Cu-River Mining
- Industry: Mining
- Founded: 2014; 12 years ago in Adelaide, South Australia, Australia
- Founder: Yong Gang Shan
- Headquarters: Adelaide, Australia
- Products: iron ore
- Owner: Yong Gang Shan
- Website: www.curiver.com.au

= Cu-River Mining =

Australian mining business

Cu-River Mining Pty. Ltd. is a privately owned Australian resources company with interests in iron ore mining and port development projects in South Australia. It is the smaller of two iron ore exporters operating in the state, the larger being the GFG Alliance. The company is owned by Adelaide-based businessman, Yong Gang Shan and as of 2019 its only producing asset was the Cairn Hill mine in the state's Far North. The company has contracted mining, processing and freight logistics services to Agile Mining Services and Lucas Total Contract Solutions

== History ==
In 2014, Cu-River Mining purchased the Cairn Hill iron ore mine in the Woomera Prohibited Area, near Coober Pedy in South Australia. The mine was previously owned by Termite Resources; a joint venture between ASX-listed IMX Resources and the Taifeng Yuan Chuang International Development Company. Cu-River Mining produced its first iron ore from Cairn Hill in 2016.

In October 2017, the company announced that it would invest $800 million in expanding the Cairn Hill mine. Cu-River Mining has contracted JiuJiang Mining Australia (the Australian arm of the JiuJiang Group, China) to undertake infrastructure improvements at Cairn Hill.

In May 2019, the future of Cu-River's operations in the Woomera Prohibited Area were called into question, following national security concerns regarding its proximity to a restricted weapons and technology testing range.

In January 2020 it was announced that Cu-River mining was withdrawing from Cairn Hill after its 270 million AUD expansion plan, though the company was still listed as the mine's tenement holders and operator in the project's 2020-21 compliance report to the Government of South Australia.

Cu-River Mining's interests are represented to the South Australian parliament by the lobbying firm, Silk Road Commercial Pty Ltd. Silk Road has no other political lobbying clients on its books as of 2021.

== Port Playford development ==
In January 2019, the company purchased the site of the former Northern and Playford A and B power stations at Port Augusta, where it intends to construct a port for the transshipment of iron ore from its existing Cairn Hill mine, future iron ore projects Snaefell and Tomahawk, and potentially wheat and other commodities. The 1068 hectare property's existing 5 kilometre long rail loop and unloading facilities (previously used to unload and stockpile coal from Leigh Creek) would be utilised by the prospective port. An export capacity of 15 million tonnes per annum is anticipated by the company, with scope to increase to 50 million tonnes.

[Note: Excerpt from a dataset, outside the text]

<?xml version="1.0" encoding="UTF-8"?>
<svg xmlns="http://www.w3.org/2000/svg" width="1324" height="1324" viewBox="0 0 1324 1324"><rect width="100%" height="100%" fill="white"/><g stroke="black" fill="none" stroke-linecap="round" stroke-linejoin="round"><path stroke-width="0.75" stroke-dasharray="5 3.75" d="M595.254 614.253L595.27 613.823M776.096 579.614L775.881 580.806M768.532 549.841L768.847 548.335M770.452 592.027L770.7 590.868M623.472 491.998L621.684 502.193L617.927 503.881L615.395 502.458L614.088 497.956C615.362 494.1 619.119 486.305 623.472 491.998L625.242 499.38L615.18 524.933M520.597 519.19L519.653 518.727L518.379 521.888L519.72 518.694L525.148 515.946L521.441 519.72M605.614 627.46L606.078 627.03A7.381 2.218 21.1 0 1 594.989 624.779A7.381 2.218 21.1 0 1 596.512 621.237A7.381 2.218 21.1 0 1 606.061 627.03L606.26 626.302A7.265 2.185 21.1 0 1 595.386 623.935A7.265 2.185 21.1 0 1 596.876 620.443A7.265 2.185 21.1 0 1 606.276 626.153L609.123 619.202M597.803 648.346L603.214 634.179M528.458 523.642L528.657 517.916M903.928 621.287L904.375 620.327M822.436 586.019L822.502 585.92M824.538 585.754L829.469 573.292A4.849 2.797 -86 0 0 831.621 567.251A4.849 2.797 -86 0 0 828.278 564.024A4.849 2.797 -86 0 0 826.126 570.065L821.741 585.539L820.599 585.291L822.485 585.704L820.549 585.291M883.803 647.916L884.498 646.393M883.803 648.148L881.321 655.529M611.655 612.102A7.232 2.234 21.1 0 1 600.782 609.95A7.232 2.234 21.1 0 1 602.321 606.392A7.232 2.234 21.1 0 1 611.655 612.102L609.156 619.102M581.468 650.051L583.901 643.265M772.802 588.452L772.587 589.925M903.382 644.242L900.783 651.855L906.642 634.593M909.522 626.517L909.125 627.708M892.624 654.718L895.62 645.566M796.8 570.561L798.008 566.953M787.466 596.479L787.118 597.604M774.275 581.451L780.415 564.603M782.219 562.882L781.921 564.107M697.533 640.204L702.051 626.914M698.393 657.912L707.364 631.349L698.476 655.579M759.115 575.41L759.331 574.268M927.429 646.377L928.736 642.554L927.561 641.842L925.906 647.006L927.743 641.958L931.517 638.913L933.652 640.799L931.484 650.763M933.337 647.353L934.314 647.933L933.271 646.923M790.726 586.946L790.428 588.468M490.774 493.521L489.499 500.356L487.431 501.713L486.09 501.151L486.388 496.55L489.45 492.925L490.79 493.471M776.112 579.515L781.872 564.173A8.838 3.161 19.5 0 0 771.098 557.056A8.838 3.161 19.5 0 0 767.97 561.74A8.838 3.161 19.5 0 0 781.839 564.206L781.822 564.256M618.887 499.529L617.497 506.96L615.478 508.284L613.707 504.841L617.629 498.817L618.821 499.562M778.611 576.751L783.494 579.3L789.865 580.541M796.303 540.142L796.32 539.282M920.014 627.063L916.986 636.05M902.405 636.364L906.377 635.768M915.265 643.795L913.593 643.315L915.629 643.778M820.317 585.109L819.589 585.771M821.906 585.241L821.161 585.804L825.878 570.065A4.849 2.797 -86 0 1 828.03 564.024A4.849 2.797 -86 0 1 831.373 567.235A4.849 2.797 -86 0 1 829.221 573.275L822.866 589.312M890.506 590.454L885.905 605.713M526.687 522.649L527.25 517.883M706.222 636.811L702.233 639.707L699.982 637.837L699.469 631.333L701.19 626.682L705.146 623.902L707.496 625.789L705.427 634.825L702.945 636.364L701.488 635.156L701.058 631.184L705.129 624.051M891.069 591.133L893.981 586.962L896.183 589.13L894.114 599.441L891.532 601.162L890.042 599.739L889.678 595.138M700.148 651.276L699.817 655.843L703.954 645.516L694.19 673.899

In 2020, Cu-River Mining signed a Memorandum of Understanding with Haviliah Resources, a prospective iron ore exporter with leases to mineral deposits in the Braemar region in South Australia.

In January 2021, Port Playford received development approval from the South Australian government. Cu-River mining intends to use barges to transship ore onto Cape-sized vessels at the existing transshipment points in Spencer Gulf that were created for transshipment of iron ore from Whyalla. Work started on the port in August 2021, with the aim of first shipments in the second half of 2023. The first ore is expected to come from Cairn Hill mine (owned by Cu-River) and from Peculiar Knob mine (owned by Peak Iron).